***** Study material *****
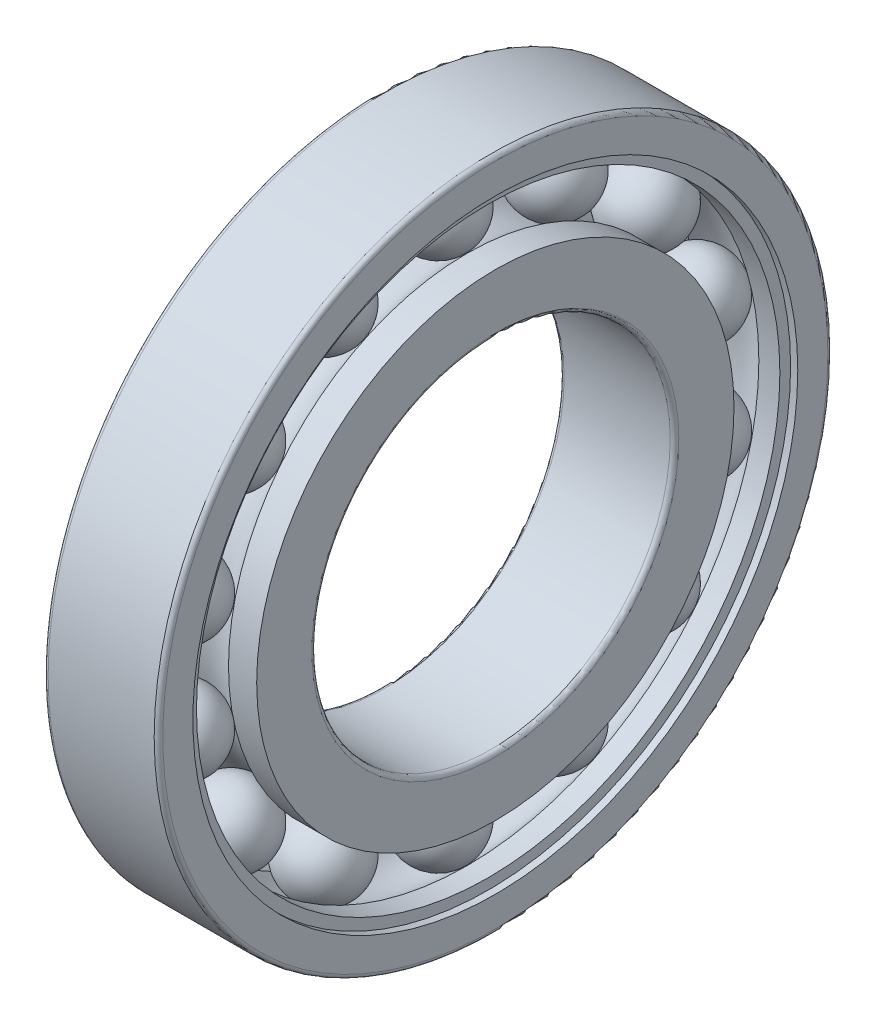
from build123d import *

# Parameters (mm, degrees)
SKETCH2_R          = 21.1
SKETCH2_R_2        = 20.35
CUT_EXTRUDE1_DEPTH = 0.5
FILLET1_R          = 0.3
FILLET2_R          = 0.3
CIRPATTERN4_COUNT  = 14


with BuildPart() as part:
    # Sketch1 → Revolve1 (revolve)
    with BuildSketch(Plane.XY, mode=Mode.PRIVATE) as revolve1_sk:
        with BuildLine():
            Line((4, 20.35), (4, 23.5))
            Line((4, 23.5), (-4, 23.5))
            Line((-4, 23.5), (-4, 20.35))
            Line((-4, 20.35), (-2.034698995, 20.35))
            ThreePointArc((-2.034698995, 20.35), (0, 21.25), (2.034698995, 20.35))
            Line((2.034698995, 20.35), (4, 20.35))
        make_face()
        with BuildLine():
            ThreePointArc((2.034698995, 16.65), (0, 15.75), (-2.034698995, 16.65))
            Line((-2.034698995, 16.65), (-4, 16.65))
            Line((-4, 16.65), (-4, 12.5))
            Line((-4, 12.5), (4, 12.5))
            Line((4, 12.5), (4, 16.65))
            Line((4, 16.65), (2.034698995, 16.65))
        make_face()
    revolve(revolve1_sk.sketch.rotate(Axis((0, 0, 0), (1, 0, 0)), 90), axis=Axis((0, 0, 0), (1, 0, 0)))

    # Sketch2 → Cut-Extrude1 (cut)
    with BuildSketch(Plane(origin=(4, 0, 0), x_dir=(0, 0, -1), z_dir=(1, 0, 0))):
        Circle(SKETCH2_R)
        with Locations(Location((0, 0, 0), (0, 0, 180))):
            Circle(SKETCH2_R_2, mode=Mode.SUBTRACT)
    cut_extrude1 = extrude(amount=-CUT_EXTRUDE1_DEPTH, mode=Mode.SUBTRACT)

    # Mirror1: Cut-Extrude1 across plane
    add(cut_extrude1.mirror(Plane(origin=(0, 0, 0), x_dir=(0, 0, 1), z_dir=(1, 0, 0))), mode=Mode.SUBTRACT)

    # Fillet1
    fillet1_edges = [part.edges().sort_by_distance(p)[0] for p in [
        (-4, 0, -23.5),
        (4, 0, -23.5),
    ]]
    fillet(fillet1_edges, radius=FILLET1_R)

    # Fillet2
    fillet2_edges = [part.edges().sort_by_distance(p)[0] for p in [
        (4, 0, -12.5),
        (-4, 0, -12.5),
    ]]
    fillet(fillet2_edges, radius=FILLET2_R)


with BuildPart() as body_2:
    # Sketch3 → Revolve2 (revolve)
    with BuildSketch(Plane.XY):
        with BuildLine():
            Line((-2.725, 18.5), (2.725, 18.5))
            ThreePointArc((2.725, 18.5), (0, 21.225), (-2.725, 18.5))
        make_face()
    revolve(axis=Axis((-2.725, 18.5, 0), (1, 0, 0)))


with BuildPart() as cirpattern4_1:
    # CirPattern4: pattern copy
    add(body_2.part.rotate(Axis((0, 0, 0), (1, 0, 0)), 1 * 360 / CIRPATTERN4_COUNT))


with BuildPart() as cirpattern4_2:
    # CirPattern4: pattern copy
    add(body_2.part.rotate(Axis((0, 0, 0), (1, 0, 0)), 2 * 360 / CIRPATTERN4_COUNT))


with BuildPart() as cirpattern4_3:
    # CirPattern4: pattern copy
    add(body_2.part.rotate(Axis((0, 0, 0), (1, 0, 0)), 3 * 360 / CIRPATTERN4_COUNT))


with BuildPart() as cirpattern4_4:
    # CirPattern4: pattern copy
    add(body_2.part.rotate(Axis((0, 0, 0), (1, 0, 0)), 4 * 360 / CIRPATTERN4_COUNT))


with BuildPart() as cirpattern4_5:
    # CirPattern4: pattern copy
    add(body_2.part.rotate(Axis((0, 0, 0), (1, 0, 0)), 5 * 360 / CIRPATTERN4_COUNT))


with BuildPart() as cirpattern4_6:
    # CirPattern4: pattern copy
    add(body_2.part.rotate(Axis((0, 0, 0), (1, 0, 0)), 6 * 360 / CIRPATTERN4_COUNT))


with BuildPart() as cirpattern4_7:
    # CirPattern4: pattern copy
    add(body_2.part.rotate(Axis((0, 0, 0), (1, 0, 0)), 7 * 360 / CIRPATTERN4_COUNT))


with BuildPart() as cirpattern4_8:
    # CirPattern4: pattern copy
    add(body_2.part.rotate(Axis((0, 0, 0), (1, 0, 0)), 8 * 360 / CIRPATTERN4_COUNT))


with BuildPart() as cirpattern4_9:
    # CirPattern4: pattern copy
    add(body_2.part.rotate(Axis((0, 0, 0), (1, 0, 0)), 9 * 360 / CIRPATTERN4_COUNT))


with BuildPart() as cirpattern4_10:
    # CirPattern4: pattern copy
    add(body_2.part.rotate(Axis((0, 0, 0), (1, 0, 0)), 10 * 360 / CIRPATTERN4_COUNT))


with BuildPart() as cirpattern4_11:
    # CirPattern4: pattern copy
    add(body_2.part.rotate(Axis((0, 0, 0), (1, 0, 0)), 11 * 360 / CIRPATTERN4_COUNT))


with BuildPart() as cirpattern4_12:
    # CirPattern4: pattern copy
    add(body_2.part.rotate(Axis((0, 0, 0), (1, 0, 0)), 12 * 360 / CIRPATTERN4_COUNT))


with BuildPart() as cirpattern4_13:
    # CirPattern4: pattern copy
    add(body_2.part.rotate(Axis((0, 0, 0), (1, 0, 0)), 13 * 360 / CIRPATTERN4_COUNT))


solid = Compound([part.part, body_2.part, cirpattern4_1.part, cirpattern4_2.part, cirpattern4_3.part, cirpattern4_4.part, cirpattern4_5.part, cirpattern4_6.part, cirpattern4_7.part, cirpattern4_8.part, cirpattern4_9.part, cirpattern4_10.part, cirpattern4_11.part, cirpattern4_12.part, cirpattern4_13.part])
*****
> Task to complete: If the listing above includes images, copy every line of it exactly except those images.

> Task output:
from build123d import *

# Parameters (mm, degrees)
SKETCH2_R          = 21.1
SKETCH2_R_2        = 20.35
CUT_EXTRUDE1_DEPTH = 0.5
FILLET1_R          = 0.3
FILLET2_R          = 0.3
CIRPATTERN4_COUNT  = 14


with BuildPart() as part:
    # Sketch1 → Revolve1 (revolve)
    with BuildSketch(Plane.XY, mode=Mode.PRIVATE) as revolve1_sk:
        with BuildLine():
            Line((4, 20.35), (4, 23.5))
            Line((4, 23.5), (-4, 23.5))
            Line((-4, 23.5), (-4, 20.35))
            Line((-4, 20.35), (-2.034698995, 20.35))
            ThreePointArc((-2.034698995, 20.35), (0, 21.25), (2.034698995, 20.35))
            Line((2.034698995, 20.35), (4, 20.35))
        make_face()
        with BuildLine():
            ThreePointArc((2.034698995, 16.65), (0, 15.75), (-2.034698995, 16.65))
            Line((-2.034698995, 16.65), (-4, 16.65))
            Line((-4, 16.65), (-4, 12.5))
            Line((-4, 12.5), (4, 12.5))
            Line((4, 12.5), (4, 16.65))
            Line((4, 16.65), (2.034698995, 16.65))
        make_face()
    revolve(revolve1_sk.sketch.rotate(Axis((0, 0, 0), (1, 0, 0)), 90), axis=Axis((0, 0, 0), (1, 0, 0)))

    # Sketch2 → Cut-Extrude1 (cut)
    with BuildSketch(Plane(origin=(4, 0, 0), x_dir=(0, 0, -1), z_dir=(1, 0, 0))):
        Circle(SKETCH2_R)
        with Locations(Location((0, 0, 0), (0, 0, 180))):
            Circle(SKETCH2_R_2, mode=Mode.SUBTRACT)
    cut_extrude1 = extrude(amount=-CUT_EXTRUDE1_DEPTH, mode=Mode.SUBTRACT)

    # Mirror1: Cut-Extrude1 across plane
    add(cut_extrude1.mirror(Plane(origin=(0, 0, 0), x_dir=(0, 0, 1), z_dir=(1, 0, 0))), mode=Mode.SUBTRACT)

    # Fillet1
    fillet1_edges = [part.edges().sort_by_distance(p)[0] for p in [
        (-4, 0, -23.5),
        (4, 0, -23.5),
    ]]
    fillet(fillet1_edges, radius=FILLET1_R)

    # Fillet2
    fillet2_edges = [part.edges().sort_by_distance(p)[0] for p in [
        (4, 0, -12.5),
        (-4, 0, -12.5),
    ]]
    fillet(fillet2_edges, radius=FILLET2_R)


with BuildPart() as body_2:
    # Sketch3 → Revolve2 (revolve)
    with BuildSketch(Plane.XY):
        with BuildLine():
            Line((-2.725, 18.5), (2.725, 18.5))
            ThreePointArc((2.725, 18.5), (0, 21.225), (-2.725, 18.5))
        make_face()
    revolve(axis=Axis((-2.725, 18.5, 0), (1, 0, 0)))


with BuildPart() as cirpattern4_1:
    # CirPattern4: pattern copy
    add(body_2.part.rotate(Axis((0, 0, 0), (1, 0, 0)), 1 * 360 / CIRPATTERN4_COUNT))


with BuildPart() as cirpattern4_2:
    # CirPattern4: pattern copy
    add(body_2.part.rotate(Axis((0, 0, 0), (1, 0, 0)), 2 * 360 / CIRPATTERN4_COUNT))


with BuildPart() as cirpattern4_3:
    # CirPattern4: pattern copy
    add(body_2.part.rotate(Axis((0, 0, 0), (1, 0, 0)), 3 * 360 / CIRPATTERN4_COUNT))


with BuildPart() as cirpattern4_4:
    # CirPattern4: pattern copy
    add(body_2.part.rotate(Axis((0, 0, 0), (1, 0, 0)), 4 * 360 / CIRPATTERN4_COUNT))


with BuildPart() as cirpattern4_5:
    # CirPattern4: pattern copy
    add(body_2.part.rotate(Axis((0, 0, 0), (1, 0, 0)), 5 * 360 / CIRPATTERN4_COUNT))


with BuildPart() as cirpattern4_6:
    # CirPattern4: pattern copy
    add(body_2.part.rotate(Axis((0, 0, 0), (1, 0, 0)), 6 * 360 / CIRPATTERN4_COUNT))


with BuildPart() as cirpattern4_7:
    # CirPattern4: pattern copy
    add(body_2.part.rotate(Axis((0, 0, 0), (1, 0, 0)), 7 * 360 / CIRPATTERN4_COUNT))


with BuildPart() as cirpattern4_8:
    # CirPattern4: pattern copy
    add(body_2.part.rotate(Axis((0, 0, 0), (1, 0, 0)), 8 * 360 / CIRPATTERN4_COUNT))


with BuildPart() as cirpattern4_9:
    # CirPattern4: pattern copy
    add(body_2.part.rotate(Axis((0, 0, 0), (1, 0, 0)), 9 * 360 / CIRPATTERN4_COUNT))


with BuildPart() as cirpattern4_10:
    # CirPattern4: pattern copy
    add(body_2.part.rotate(Axis((0, 0, 0), (1, 0, 0)), 10 * 360 / CIRPATTERN4_COUNT))


with BuildPart() as cirpattern4_11:
    # CirPattern4: pattern copy
    add(body_2.part.rotate(Axis((0, 0, 0), (1, 0, 0)), 11 * 360 / CIRPATTERN4_COUNT))


with BuildPart() as cirpattern4_12:
    # CirPattern4: pattern copy
    add(body_2.part.rotate(Axis((0, 0, 0), (1, 0, 0)), 12 * 360 / CIRPATTERN4_COUNT))


with BuildPart() as cirpattern4_13:
    # CirPattern4: pattern copy
    add(body_2.part.rotate(Axis((0, 0, 0), (1, 0, 0)), 13 * 360 / CIRPATTERN4_COUNT))


solid = Compound([part.part, body_2.part, cirpattern4_1.part, cirpattern4_2.part, cirpattern4_3.part, cirpattern4_4.part, cirpattern4_5.part, cirpattern4_6.part, cirpattern4_7.part, cirpattern4_8.part, cirpattern4_9.part, cirpattern4_10.part, cirpattern4_11.part, cirpattern4_12.part, cirpattern4_13.part])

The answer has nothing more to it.